Removed the /boot dir . created a symlink for /boot to /bootpool/boot/


----------



## ShelLuser (May 24, 2018)

Impossible to comment on this because you're not giving us any useful information.

First and foremost though: why customize your kernel? Usually there's no need for that. Anyway; what version of FreeBSD are you using (I noticed the version numbers, but for all I know you could also be trying to set up another version) and how did you configure your kernel (please share your configuration file)?

Did you use the source tree from the distribution or did you get it from somewhere else?

And when you say it's not loaded: what _exactly_ does it do? Any specific error messages?

Do you see any white text scrolling over your screen?  Because if so then your kernel is getting loaded and the actual problem lies somewhere else.

(edit)

And no, it does not load /bootpol/boot, I don't know how you came up with that weird idea, but it's wrong. You need /boot/kernel. See also /boot/defaults/loader.conf. If you start messing with /boot you're well on your way to totally trash your system.

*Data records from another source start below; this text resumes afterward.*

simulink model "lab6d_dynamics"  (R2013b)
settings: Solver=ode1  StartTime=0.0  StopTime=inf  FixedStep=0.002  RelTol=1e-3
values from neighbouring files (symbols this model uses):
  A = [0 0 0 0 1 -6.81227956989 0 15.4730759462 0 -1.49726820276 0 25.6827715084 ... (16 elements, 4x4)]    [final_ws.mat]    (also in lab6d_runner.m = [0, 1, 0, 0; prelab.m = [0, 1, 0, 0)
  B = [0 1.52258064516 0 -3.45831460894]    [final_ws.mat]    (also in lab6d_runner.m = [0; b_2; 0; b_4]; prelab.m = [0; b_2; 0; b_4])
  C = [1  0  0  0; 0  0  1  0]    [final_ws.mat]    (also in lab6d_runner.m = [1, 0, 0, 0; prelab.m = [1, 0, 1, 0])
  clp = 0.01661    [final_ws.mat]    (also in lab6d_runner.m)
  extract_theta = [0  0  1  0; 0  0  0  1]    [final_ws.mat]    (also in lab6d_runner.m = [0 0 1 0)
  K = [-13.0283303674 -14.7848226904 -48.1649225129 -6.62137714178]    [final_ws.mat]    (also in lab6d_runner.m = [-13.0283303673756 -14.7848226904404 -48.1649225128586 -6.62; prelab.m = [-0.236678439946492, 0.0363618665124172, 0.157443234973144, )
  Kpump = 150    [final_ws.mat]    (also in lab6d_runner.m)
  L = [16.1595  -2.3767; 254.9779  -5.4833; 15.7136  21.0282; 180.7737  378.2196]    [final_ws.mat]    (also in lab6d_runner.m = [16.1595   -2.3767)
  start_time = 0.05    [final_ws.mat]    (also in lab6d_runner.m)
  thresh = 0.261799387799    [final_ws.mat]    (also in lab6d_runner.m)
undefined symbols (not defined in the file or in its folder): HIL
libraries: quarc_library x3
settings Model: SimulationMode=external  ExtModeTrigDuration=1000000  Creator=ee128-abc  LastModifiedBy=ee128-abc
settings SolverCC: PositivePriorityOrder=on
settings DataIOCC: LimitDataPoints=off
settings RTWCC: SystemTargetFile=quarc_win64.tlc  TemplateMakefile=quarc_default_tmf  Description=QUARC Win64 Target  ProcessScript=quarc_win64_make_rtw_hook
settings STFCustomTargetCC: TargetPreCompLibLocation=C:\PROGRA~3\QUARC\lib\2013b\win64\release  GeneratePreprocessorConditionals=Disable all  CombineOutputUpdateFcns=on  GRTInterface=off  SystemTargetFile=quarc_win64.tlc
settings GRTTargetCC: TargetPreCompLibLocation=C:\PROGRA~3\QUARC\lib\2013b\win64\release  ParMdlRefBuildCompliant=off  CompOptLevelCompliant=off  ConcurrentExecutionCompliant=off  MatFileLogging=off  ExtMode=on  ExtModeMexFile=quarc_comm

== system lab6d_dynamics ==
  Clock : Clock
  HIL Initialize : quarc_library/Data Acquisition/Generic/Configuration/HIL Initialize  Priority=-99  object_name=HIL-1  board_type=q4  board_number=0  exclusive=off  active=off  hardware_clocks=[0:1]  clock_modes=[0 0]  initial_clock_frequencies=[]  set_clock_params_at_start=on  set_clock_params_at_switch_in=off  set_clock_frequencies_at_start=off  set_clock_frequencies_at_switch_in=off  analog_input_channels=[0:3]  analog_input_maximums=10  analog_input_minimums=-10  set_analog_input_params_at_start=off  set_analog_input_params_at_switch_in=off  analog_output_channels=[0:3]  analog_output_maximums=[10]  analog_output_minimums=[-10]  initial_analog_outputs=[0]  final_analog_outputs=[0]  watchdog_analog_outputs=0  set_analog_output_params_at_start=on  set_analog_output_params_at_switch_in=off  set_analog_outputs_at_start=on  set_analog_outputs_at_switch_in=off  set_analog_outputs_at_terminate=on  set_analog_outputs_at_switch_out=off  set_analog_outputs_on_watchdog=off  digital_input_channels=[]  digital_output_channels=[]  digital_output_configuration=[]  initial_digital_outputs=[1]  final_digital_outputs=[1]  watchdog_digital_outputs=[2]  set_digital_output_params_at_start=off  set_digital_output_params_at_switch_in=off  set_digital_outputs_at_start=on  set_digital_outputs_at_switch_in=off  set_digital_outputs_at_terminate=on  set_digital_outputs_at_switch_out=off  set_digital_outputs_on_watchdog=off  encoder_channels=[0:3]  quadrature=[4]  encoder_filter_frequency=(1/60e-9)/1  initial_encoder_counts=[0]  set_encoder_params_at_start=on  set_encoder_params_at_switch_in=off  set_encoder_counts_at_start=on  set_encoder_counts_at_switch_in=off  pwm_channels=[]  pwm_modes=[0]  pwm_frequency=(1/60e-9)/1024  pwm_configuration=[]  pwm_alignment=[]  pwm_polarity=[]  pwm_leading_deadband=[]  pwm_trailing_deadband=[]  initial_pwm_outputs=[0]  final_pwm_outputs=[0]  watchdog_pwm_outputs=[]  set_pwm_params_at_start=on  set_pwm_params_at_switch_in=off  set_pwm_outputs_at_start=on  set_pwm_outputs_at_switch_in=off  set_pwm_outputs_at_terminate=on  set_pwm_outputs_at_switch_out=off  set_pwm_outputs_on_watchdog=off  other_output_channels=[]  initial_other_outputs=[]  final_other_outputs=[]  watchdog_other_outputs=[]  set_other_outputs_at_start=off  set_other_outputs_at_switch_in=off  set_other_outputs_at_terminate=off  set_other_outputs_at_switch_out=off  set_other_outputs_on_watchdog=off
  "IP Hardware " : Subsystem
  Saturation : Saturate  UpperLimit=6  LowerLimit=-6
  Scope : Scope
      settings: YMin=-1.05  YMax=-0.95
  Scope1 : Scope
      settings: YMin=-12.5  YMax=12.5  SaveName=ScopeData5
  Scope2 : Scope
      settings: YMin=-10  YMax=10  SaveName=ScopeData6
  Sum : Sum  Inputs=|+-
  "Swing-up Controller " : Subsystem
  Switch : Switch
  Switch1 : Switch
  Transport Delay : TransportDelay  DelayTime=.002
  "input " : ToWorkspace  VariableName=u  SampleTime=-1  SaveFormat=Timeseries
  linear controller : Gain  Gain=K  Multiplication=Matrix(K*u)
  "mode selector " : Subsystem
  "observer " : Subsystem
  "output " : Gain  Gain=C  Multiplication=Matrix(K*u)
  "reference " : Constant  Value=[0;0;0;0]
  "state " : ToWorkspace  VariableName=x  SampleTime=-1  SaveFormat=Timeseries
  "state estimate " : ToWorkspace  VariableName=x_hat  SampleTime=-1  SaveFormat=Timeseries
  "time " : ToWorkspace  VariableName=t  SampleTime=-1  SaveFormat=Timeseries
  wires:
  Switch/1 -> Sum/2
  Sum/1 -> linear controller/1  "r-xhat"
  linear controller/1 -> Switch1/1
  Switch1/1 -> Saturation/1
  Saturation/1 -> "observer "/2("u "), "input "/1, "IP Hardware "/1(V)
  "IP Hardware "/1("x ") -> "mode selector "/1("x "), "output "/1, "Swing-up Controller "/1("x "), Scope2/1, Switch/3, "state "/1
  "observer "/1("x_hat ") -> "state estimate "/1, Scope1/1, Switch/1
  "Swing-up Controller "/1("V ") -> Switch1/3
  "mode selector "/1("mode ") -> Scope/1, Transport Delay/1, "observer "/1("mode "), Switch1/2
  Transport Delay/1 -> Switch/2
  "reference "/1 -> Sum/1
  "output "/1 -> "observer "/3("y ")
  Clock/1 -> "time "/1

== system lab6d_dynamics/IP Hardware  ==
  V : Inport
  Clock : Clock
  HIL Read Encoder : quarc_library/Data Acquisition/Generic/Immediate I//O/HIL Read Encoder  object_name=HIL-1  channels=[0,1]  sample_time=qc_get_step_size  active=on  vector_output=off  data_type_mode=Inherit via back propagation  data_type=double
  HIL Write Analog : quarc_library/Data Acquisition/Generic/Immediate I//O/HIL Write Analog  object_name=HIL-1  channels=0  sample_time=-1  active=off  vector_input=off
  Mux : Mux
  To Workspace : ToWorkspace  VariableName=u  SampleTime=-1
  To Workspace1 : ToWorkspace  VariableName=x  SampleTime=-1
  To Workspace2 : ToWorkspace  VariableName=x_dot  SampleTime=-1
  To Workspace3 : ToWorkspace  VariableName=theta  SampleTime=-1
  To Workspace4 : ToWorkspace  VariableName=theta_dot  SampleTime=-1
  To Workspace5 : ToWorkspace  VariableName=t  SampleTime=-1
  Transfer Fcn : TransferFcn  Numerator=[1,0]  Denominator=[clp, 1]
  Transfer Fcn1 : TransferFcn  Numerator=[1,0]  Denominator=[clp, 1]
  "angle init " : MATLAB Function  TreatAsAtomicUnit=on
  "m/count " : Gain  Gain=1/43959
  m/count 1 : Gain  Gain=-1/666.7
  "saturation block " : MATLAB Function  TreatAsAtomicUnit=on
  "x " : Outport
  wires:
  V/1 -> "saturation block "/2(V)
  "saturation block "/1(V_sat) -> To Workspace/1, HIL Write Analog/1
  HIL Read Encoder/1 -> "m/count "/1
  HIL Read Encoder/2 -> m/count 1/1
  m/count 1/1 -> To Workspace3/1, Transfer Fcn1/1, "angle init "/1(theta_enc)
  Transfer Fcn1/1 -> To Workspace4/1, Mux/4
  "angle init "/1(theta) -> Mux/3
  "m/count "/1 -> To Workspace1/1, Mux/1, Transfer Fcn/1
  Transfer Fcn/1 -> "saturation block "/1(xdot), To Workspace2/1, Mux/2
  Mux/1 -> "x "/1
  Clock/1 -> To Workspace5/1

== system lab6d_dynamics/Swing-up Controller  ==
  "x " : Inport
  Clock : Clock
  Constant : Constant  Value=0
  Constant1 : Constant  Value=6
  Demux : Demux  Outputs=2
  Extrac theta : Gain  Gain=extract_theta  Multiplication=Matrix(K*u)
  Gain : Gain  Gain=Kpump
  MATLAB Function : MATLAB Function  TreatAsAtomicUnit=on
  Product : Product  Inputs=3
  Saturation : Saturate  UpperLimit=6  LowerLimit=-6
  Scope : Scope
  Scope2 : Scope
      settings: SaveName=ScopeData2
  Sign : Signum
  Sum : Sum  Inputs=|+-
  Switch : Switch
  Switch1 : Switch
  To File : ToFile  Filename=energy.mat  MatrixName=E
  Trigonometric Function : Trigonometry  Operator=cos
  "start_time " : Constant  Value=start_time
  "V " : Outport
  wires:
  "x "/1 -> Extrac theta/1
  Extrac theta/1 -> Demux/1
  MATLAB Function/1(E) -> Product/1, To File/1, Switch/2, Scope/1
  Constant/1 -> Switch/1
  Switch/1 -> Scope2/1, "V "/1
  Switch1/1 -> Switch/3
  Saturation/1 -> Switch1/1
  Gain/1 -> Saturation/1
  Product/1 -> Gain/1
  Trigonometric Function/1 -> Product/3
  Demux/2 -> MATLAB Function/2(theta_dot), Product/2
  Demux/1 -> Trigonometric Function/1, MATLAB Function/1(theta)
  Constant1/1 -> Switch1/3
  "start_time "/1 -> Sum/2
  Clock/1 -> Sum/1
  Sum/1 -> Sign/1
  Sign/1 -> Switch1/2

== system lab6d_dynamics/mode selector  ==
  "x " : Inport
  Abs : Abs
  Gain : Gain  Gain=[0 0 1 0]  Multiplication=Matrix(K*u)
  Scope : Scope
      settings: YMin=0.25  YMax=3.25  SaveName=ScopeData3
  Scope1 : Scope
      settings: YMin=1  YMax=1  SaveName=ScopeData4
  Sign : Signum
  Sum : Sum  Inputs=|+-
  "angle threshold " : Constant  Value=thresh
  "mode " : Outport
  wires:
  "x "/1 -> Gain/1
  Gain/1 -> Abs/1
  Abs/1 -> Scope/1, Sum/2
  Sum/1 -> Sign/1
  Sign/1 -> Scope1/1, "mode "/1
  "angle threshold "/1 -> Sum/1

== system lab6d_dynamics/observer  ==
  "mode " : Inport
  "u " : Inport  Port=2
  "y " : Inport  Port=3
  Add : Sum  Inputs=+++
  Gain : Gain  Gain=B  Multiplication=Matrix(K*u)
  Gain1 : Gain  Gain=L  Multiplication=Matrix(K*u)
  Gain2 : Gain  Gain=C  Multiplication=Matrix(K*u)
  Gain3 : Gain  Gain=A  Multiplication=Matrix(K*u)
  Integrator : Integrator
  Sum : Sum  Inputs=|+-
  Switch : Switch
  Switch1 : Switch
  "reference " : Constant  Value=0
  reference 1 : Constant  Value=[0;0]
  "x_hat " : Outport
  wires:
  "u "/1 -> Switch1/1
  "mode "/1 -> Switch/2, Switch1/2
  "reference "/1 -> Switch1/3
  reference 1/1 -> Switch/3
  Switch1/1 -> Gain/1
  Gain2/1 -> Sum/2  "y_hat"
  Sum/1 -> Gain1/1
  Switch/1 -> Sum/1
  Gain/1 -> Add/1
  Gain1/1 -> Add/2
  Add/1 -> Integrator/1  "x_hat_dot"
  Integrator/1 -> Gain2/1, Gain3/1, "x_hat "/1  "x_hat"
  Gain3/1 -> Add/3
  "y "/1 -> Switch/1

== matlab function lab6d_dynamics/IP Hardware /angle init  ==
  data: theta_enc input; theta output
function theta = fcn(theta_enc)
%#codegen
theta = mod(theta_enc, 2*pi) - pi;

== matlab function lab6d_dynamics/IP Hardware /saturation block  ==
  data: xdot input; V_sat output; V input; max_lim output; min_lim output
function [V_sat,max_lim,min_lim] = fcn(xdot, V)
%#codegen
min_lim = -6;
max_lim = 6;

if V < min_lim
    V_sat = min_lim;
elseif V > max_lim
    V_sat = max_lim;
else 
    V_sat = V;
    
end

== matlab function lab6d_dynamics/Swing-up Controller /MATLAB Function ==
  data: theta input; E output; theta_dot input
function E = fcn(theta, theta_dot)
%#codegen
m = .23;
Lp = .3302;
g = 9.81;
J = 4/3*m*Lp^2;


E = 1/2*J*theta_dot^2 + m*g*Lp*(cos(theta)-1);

What is happening though is that your main ZFS pool filesystem, the one which contains /boot, will be mentioned in your main pool. See `zpool get bootfs zroot` (assuming your main pool is zroot). This will then also propagate in /boot/loader.conf where you'll find the option vfs.root.mountfrom which will point to the ZFS pool filesystem which contains your kernel. In the example I mentioned this would list zfs:zroot.

See also loader.conf(5) as well as Chapter 12 of the FreeBSD handbook.


----------